Las pruebas, aun circunstanciales, no dejan lugar a dudas. Los restos de la anciana aparecieron carbonizados en el interior de un horno para cocer el pan, situado en la parte trasera de su vivienda, sita, a su vez, en un claro del espeso bosque. Aquélla apareció revuelta, con las ropas de los armarios en desorden y los cajones abiertos, de los cuales faltaban las alhajas de la señora. Interrogados varios testigos (un guarda forestal, dos leñadores, un pato), ha podido establecerse que los sospechosos regresaron a la aldea hacia el atardecer del día de autos, procedentes precisamente de esa zona. Especialmente clarificador resultó el testimonio del pato, que fue utilizado por ellos para cruzar el río. Localizada la vivienda que los menores comparten con su progenitor, efectuado el registro correspondiente y halladas en su poder las joyas de la víctima (con lo cual el robo quedaba establecido como el móvil más plausible), procedimos a la detención de los sospechosos, así como de su padre, en calidad de posible cómplice o, en todo caso, encubridor del crimen.
Al comienzo de los interrogatorios, estas dos perversiones de la naturaleza disfrazadas de dulces infantes, pretendieron que creyéramos una historia increíble. Decían que, a instancias de su madrastra (recientemente fallecida), su padre los había abandonado a su suerte en el bosque y, atraídos por el aspecto culinario de la vivienda de la anciana (quien, en su ficción psicópata, asume el rol de una bruja antropófaga), fueron capturados por ella. Según ellos, la buena mujer pretendía engordarlos para comérselos. Ya en este punto de sus declaraciones, mi indignación fue tal que procedí a incomunicarlos e inicié interrogatorios por separado, como resultado de lo cual, finalmente, fueron efectuadas las confesiones que figuran en mi informe.
Contrastando las dos versiones, hemos logrado averiguar algunos hechos esclarecedores: que, abandonados, en efecto, los menores a su suerte en el bosque, llegaron a la casa de la víctima, quien, movida por la misericordia, les dio cobijo y alimento, y los cuidó durante varios días hasta que pudiera darse aviso a la autoridad competente, a la sazón el guarda forestal que hace su ronda por el aislado paraje una vez cada quince días; que, viendo que la anciana se hallaba débil e indefensa y que atesoraba piedras preciosas, oro, perlas y demás objetos valiosos, además de cierta cantidad de dinero en metálico, movidos por la codicia, decidieron matarla para despojarla de esas propiedades; que, aprovechando un momento de distracción y vulnerabilidad (cuando la víctima encendía el horno para cocer el pan) la niña, golpeándola a traición, la arrojó al interior del horno y cerró la puerta, con el resultado de la muerte por asfixia y combustión de su benefactora; que, tras desvalijar la vivienda, los asesinos huyeron a esconderse a la casa de su padre, obligando a un pobre pato inocente a que les ayudara a cruzar el río que de ésta los separaba.

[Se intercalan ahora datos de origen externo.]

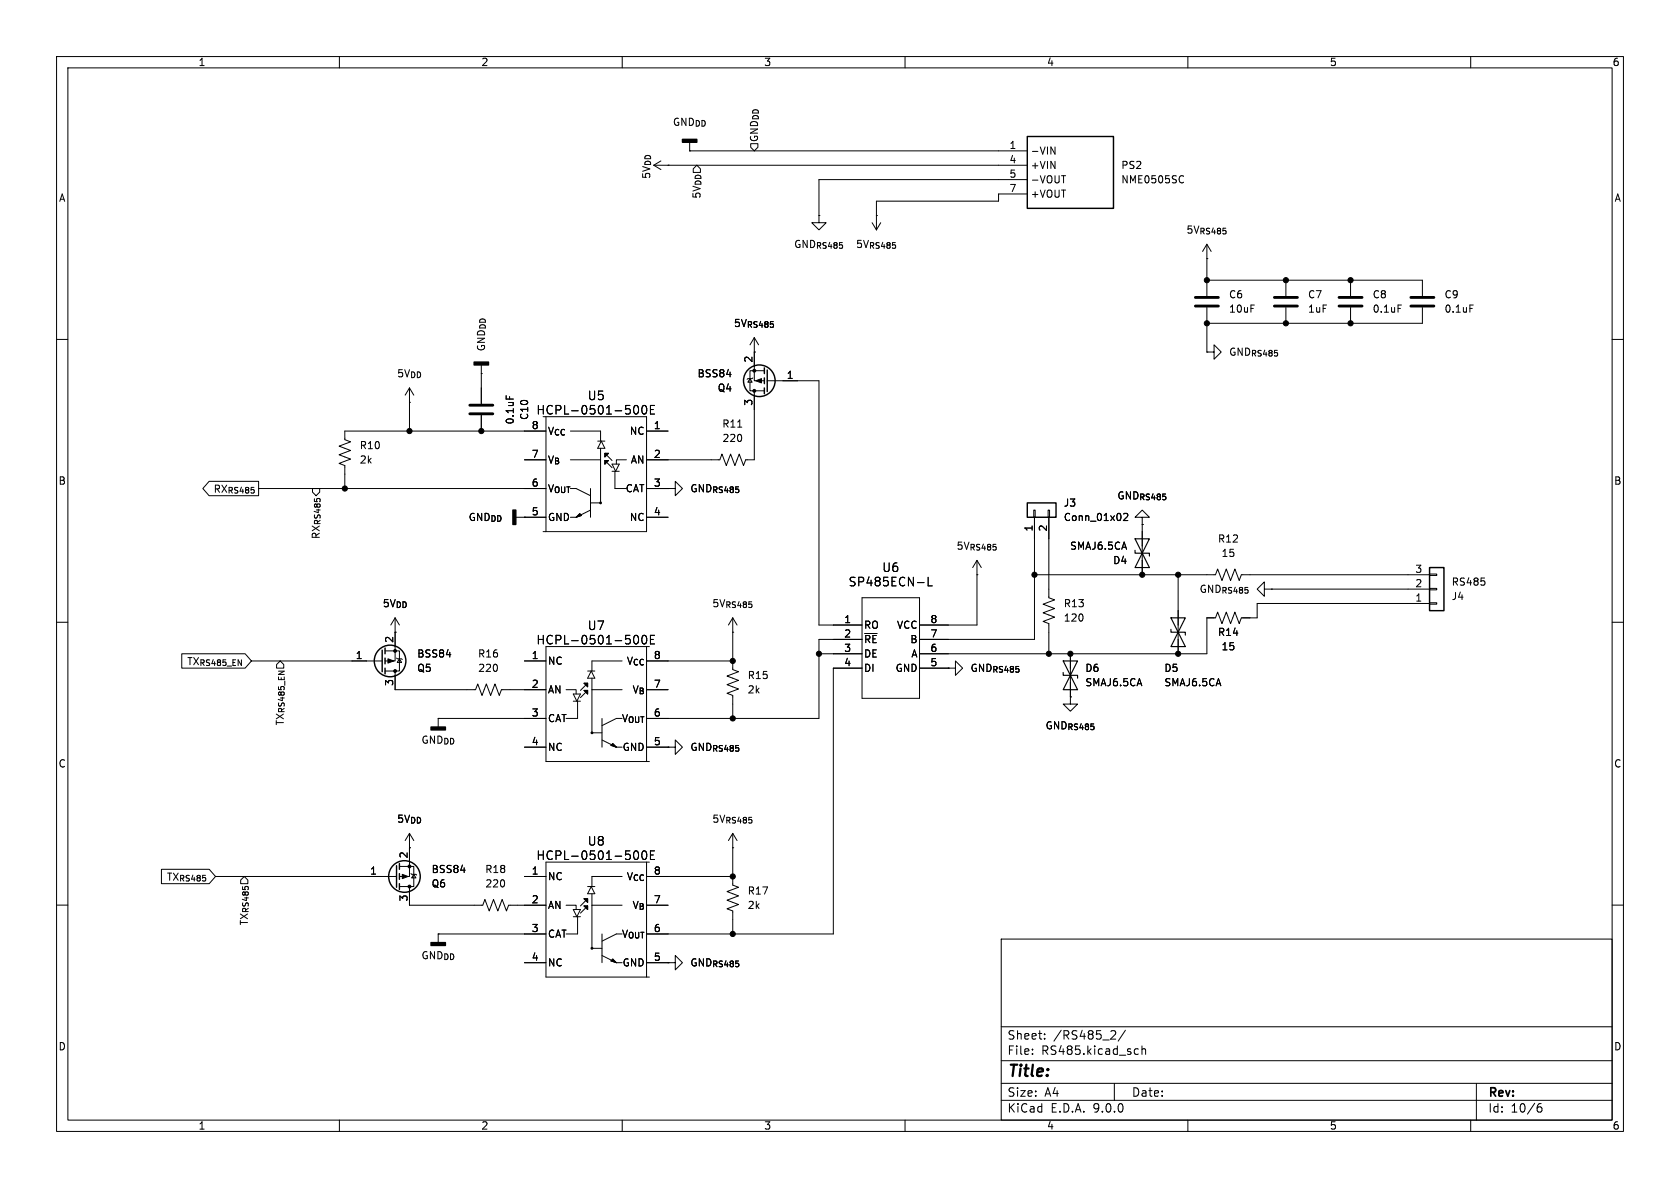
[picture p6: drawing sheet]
<svg xmlns="http://www.w3.org/2000/svg" width="297mm" height="210mm" viewBox="0 0 297 210" stroke-linecap="round" stroke-linejoin="round" font-family="sans-serif">
<g fill="none" stroke="#000" stroke-width=".18">
<path d="M10 10h277v190h-277zM12 12h273v186h-273zM60 10v2M110 10v2M160 10v2M210 10v2M260 10v2M115.6 29.2h66M115.6 29.2l1.2 .8M116.8 28.4l-1.2 .8M118.1 29.2h.1M121.9 26.7h.1"/>
<path d="M121.9 25.1v1.6M121.9 26.7h59.7M132.7 25.4h1.3v.6l-.7 .7-.6-.7zM144.8 38.1v1.3h1.2l-1.2 1.2-1.3-1.2h1.3M144.8 38.1h.1M154.2 39.4l.7 1.2M154.9 38.1h.1M155.7 39.4l-.8 1.2M181.6 31.8h-36.8v6.3M181.6 34.3h-5.1v1.3h-21.6v5M185.8 26l.7 1.2v-1.2M187.7 31.1h.7"/>
<path d="M209 31.1l.2 .1M209.2 32.2l-.2 .1M133.3 59.7v7.6h1.8M133.3 59.7l-.7 1.3M133.3 59.7l.8 1.3M213.4 45.7h.1M213.4 43.2l-.8 1.3M213.4 43.2l.7 1.3M213.4 43.2v9.1M213.4 54.4v7.8M213.4 49.5h38.1v2.8M227.3 49.5v2.8"/>
<path d="M227.3 54.4v2.8M238.8 49.5v2.8M238.8 54.4v2.8M247.2 53.9h.6M251.5 54.4v2.8h-38.1M259.9 53.9h.6M10 60h2M72.4 71.1h.1M72.4 68.6v7.6M72.4 68.6l-.8 1.3M72.4 68.6l.8 1.3M85.1 66h.1"/>
<path d="M85.1 64.5v6.9M85.1 73.4v2.8M89.5 69.9v.6M96 73.7h18.3v20.3h-18.3M96.5 76.2h-35.5v1.5l1 .4-2.1 .8 2.1 .7-2.1 .8 2.1 .8-2.1 .7 1.1 .4v4.1M96.5 73.7v20.3M100.8 76.2h5.4v1.8M105.7 78h1.2M106.2 79.2v9.7h-1.8M106.3 78l.6 1.2h-1.2zM112 72.3l.2-.5 .2-.1a.83 .83 0 0 1 .6 .6 .83 .83 0 0 1-.3 .8h-.5l-.2-.5M113.6 71.8l.2-.1a.83 .83 0 0 1 .6 .6 .83 .83 0 0 1-.3 .8l-.1 .1a.82 .82 0 0 1-.4-1.4z"/>
<path d="M114.3 76.2h3.8M115 72.4h.5M115.7 71.7h-.7v1.5h.7M130.4 75.5h.7M132.6 66.9l.4 .7h-.8zM133.1 66.8l-.1 .1h-.8l-.1 .2M133.3 69.1v12.2h-1.5l-.4 1-.7-2-.8 2-.7-2-.8 2-.8-2-.3 1h-13M133.3 62.2h.1M135.1 65.5h-2.5v3.6h2.5M135.6 67.3h9.2v43.2h7.6M213.4 62.2h1.2v-1.2l1.3 1.2-1.3 1.3v-1.3M213.4 62.2h.1"/>
<path d="M285 60h2M37 85.1h8.7v2.5h-8.7l-1.1-1.2zM45.7 86.4h50.8M91.2 91.4h5.3M92.7 91.4h.1M92.7 81.3h3.8M100.8 81.3h5.4M100.8 91.4h1.1M102.5 90.8l.3 .3-.9 .3zM104.4 86.4v5M104.4 90.2l-2.5 1.2M106.9 80.1l1.3 1.3"/>
<path d="M106.9 81.4l1.3 1.3M106.9 80.1h.7l-.7 .7zM106.9 81.4h.7l-.7 .6zM108.2 82h1.3l-.7 1.3zM108.2 83.3h1.3M108.7 83.3v3.1h2M110.7 81.3h-1.7v.7M114.3 86.4h3.8M114.3 91.4h3.8M118.1 86.4h1.3v-1.3l1.2 1.3-1.2 1.2v-1.2M118.1 86.4h.1M172.7 99.1v11.4h-10.1"/>
<path d="M172.7 99.1l-.7 1.2M172.7 99.1l.8 1.2M182.8 90.2h.2v1.2h-.2zM182.9 91.4v21.6h-20.3M185.3 90.2h.2v1.2h-.2zM185.4 91.4v14.3l1 .3-2 .8 2 .8-2 .7 2 .8-2 .8 1 .3v5.4M198.7 90.9l.4-.2 .3 .4-.8 .9h.8M201.9 91.4h1.3l-1.3-1.2-1.2 1.2h1.2v1.3M201.9 92.7h.1M201.9 92.7v8.9M10 110h2M32.1 115.6h11.2l1.1 1.2-1.1 1.3h-11.2z"/>
<path d="M44.4 116.8h23.2M68.1 115.1h2.5v3.5h-2.5M69.8 118.6v3.3h14.3l.4-1 .7 2 .8-2 .7 2 .8-2 .8 2 .3-1h7.9M69.8 111.8h.1M69.8 109.2v7.6h-1.7M69.8 109.2l-.7 1.3M69.8 109.2l.8 1.3M70.1 116.3l.1 .2h.8l.1 .1M70.6 116.5l.4 .6h-.8zM92.7 116.8h3.8M103.9 118.6h1.3M104.5 118.6l.7 1.3h-1.3z"/>
<path d="M104.6 119.9v9.6h1.8M110 116.8h-5.4v1.8M112 112.9l.2-.4 .2-.2a.83 .83 0 0 1 .6 .6 .83 .83 0 0 1-.3 .9h-.5l-.2-.5M113.6 112.5l.2-.2a.83 .83 0 0 1 .6 .6 .83 .83 0 0 1-.3 .9h-.1a.82 .82 0 0 1-.4-1.3zM114.3 114.3v20.3M114.3 116.8h15.2M114.8 114.3h-18.3v20.3h18.3M115 113h.5M115.7 112.3h-.7v1.5h.7M129.5 109.2v9.2l1.1 .3-2.1 .8 2.1 .8-2.1 .7 2.1 .8-2.1 .8 1 .3v4.1M129.5 111.8h.1M129.5 109.2l-.7 1.3"/>
<path d="M129.5 109.2l.8 1.3M144.8 115.6h7.6M152.4 105.7h10.2v17.7h-10.2zM152.4 118.1h-5.1v47h-33M152.4 113h-7.6v14h-30.5M162.6 118.1h5M164.1 102v1.6h.7M167.6 118.1h1.3v-1.3l1.3 1.3-1.3 1.3v-1.3M167.6 118.1h.1M172.7 101.6h.1M182.9 101.6h32l.4-1 .7 2 .8-2 .8 2 .7-2 .8 2 .4-1h33.2M189.2 115.6v7.6"/>
<path d="M208.3 101.6v14M223.5 104.1v-1.2l-1.3 1.2 1.3 1.3v-1.3h1.3M224.8 104.1h.1M224.8 104.1h27.9M252.7 106.6h1.3v.2h-1.3zM252.7 104h1.3v.3h-1.3zM252.7 101.5h1.3v.2h-1.3zM252.7 106.7h-30.5v2.5h-2.7l-.4 1-.8-2-.7 2-.8-2-.8 2-.7-2-.4 1h-1.5v6.4h-50.8M262.5 102.8v.5M285 110h2M77.5 127h.1M77.5 127h19"/>
<path d="M77.5 127v1.5M92.7 132.1h3.8M100.1 121.9h1.8v.8M101.3 122.7h1.3l-.6 1.3zM101.3 124h1.3M102.1 124v3h-2M103.3 120.8h.6v.6zM103.3 122h.6v.7zM103.9 120.8l-1.3 1.2M103.9 122l-1.3 1.3M104.6 121.9h5.4M106.4 127v5.1"/>
<path d="M106.4 130.8l2.6 1.3M108 131.8l.3-.4 .7 .7zM109 132.1h1M110 127h-1l-2.6 1.3M114.3 121.9h3.8M114.3 132.1h3.8M118.1 132.1h1.3v-1.3l1.2 1.3-1.2 1.3v-1.3M118.1 132.1h.1M189.2 123.2v1.3h1.3l-1.3 1.2-1.2-1.2h1.2M189.2 123.2h.1M28.5 153.7h8.5l1.1 1.2-1.1 1.3h-8.5zM38.1 154.9h32"/>
<path d="M70.6 153.2h2.6v3.5h-2.6M72.4 149.9h.1M72.4 156.7v3.3h12.9l.4-1 .8 2 .7-2 .8 2 .8-2 .7 2 .4-1h6.6M72.4 147.3v7.6h-1.8M72.4 147.3l-.8 1.3M72.4 147.3l.8 1.3M72.6 154.4l.2 .2h.7l.2 .1M73.2 154.6l.3 .6h-.7zM92.7 154.9h3.8M103.3 158.9h.6v.6zM103.9 158.9l-1.3 1.2M103.9 156.7h1.3"/>
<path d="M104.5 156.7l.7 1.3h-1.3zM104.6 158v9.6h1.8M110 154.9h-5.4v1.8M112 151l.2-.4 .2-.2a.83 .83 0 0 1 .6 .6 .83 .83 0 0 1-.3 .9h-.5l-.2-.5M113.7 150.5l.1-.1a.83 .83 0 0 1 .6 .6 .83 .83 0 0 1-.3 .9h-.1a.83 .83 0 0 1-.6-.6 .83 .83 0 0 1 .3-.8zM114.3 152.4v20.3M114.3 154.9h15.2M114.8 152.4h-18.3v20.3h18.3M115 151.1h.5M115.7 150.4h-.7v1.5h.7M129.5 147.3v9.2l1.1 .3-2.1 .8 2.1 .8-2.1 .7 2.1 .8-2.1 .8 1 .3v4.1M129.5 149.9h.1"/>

Existiendo, pues, claros indicios de allanamiento, robo y asesinato con las agravantes de premeditación y alevosía, tal y como las pruebas, informes periciales, declaraciones y demás diligencias atestiguan, he ordenado el traslado al Juez Instructor, quien, con toda seguridad, hará buen uso de estos datos. En cuanto al padre, continúa siendo interrogado en nuestras dependencias, ya que, además, podría haber incurrido, por sus acciones previas, en delitos contra la infancia y el menor en las personas de los dos pequeños delincuentes.
Como ve, el asunto es sórdido y escabroso. Yo no me había enfrentado a cosa semejante en toda mi carrera como agente de la Ley. Quizá lo peor del caso sea que la ingratitud, la impiedad, el desprecio por las más mínimas normas de conducta, la iniquidad, en fin, en términos absolutos, hayan venido a habitar entre nosotros precisamente en las personas de esos dos pequeños, aparentemente tiernos e inocentes, lo cual viene a probar que la abyección más absoluta puede esconderse incluso en los seres más bellos.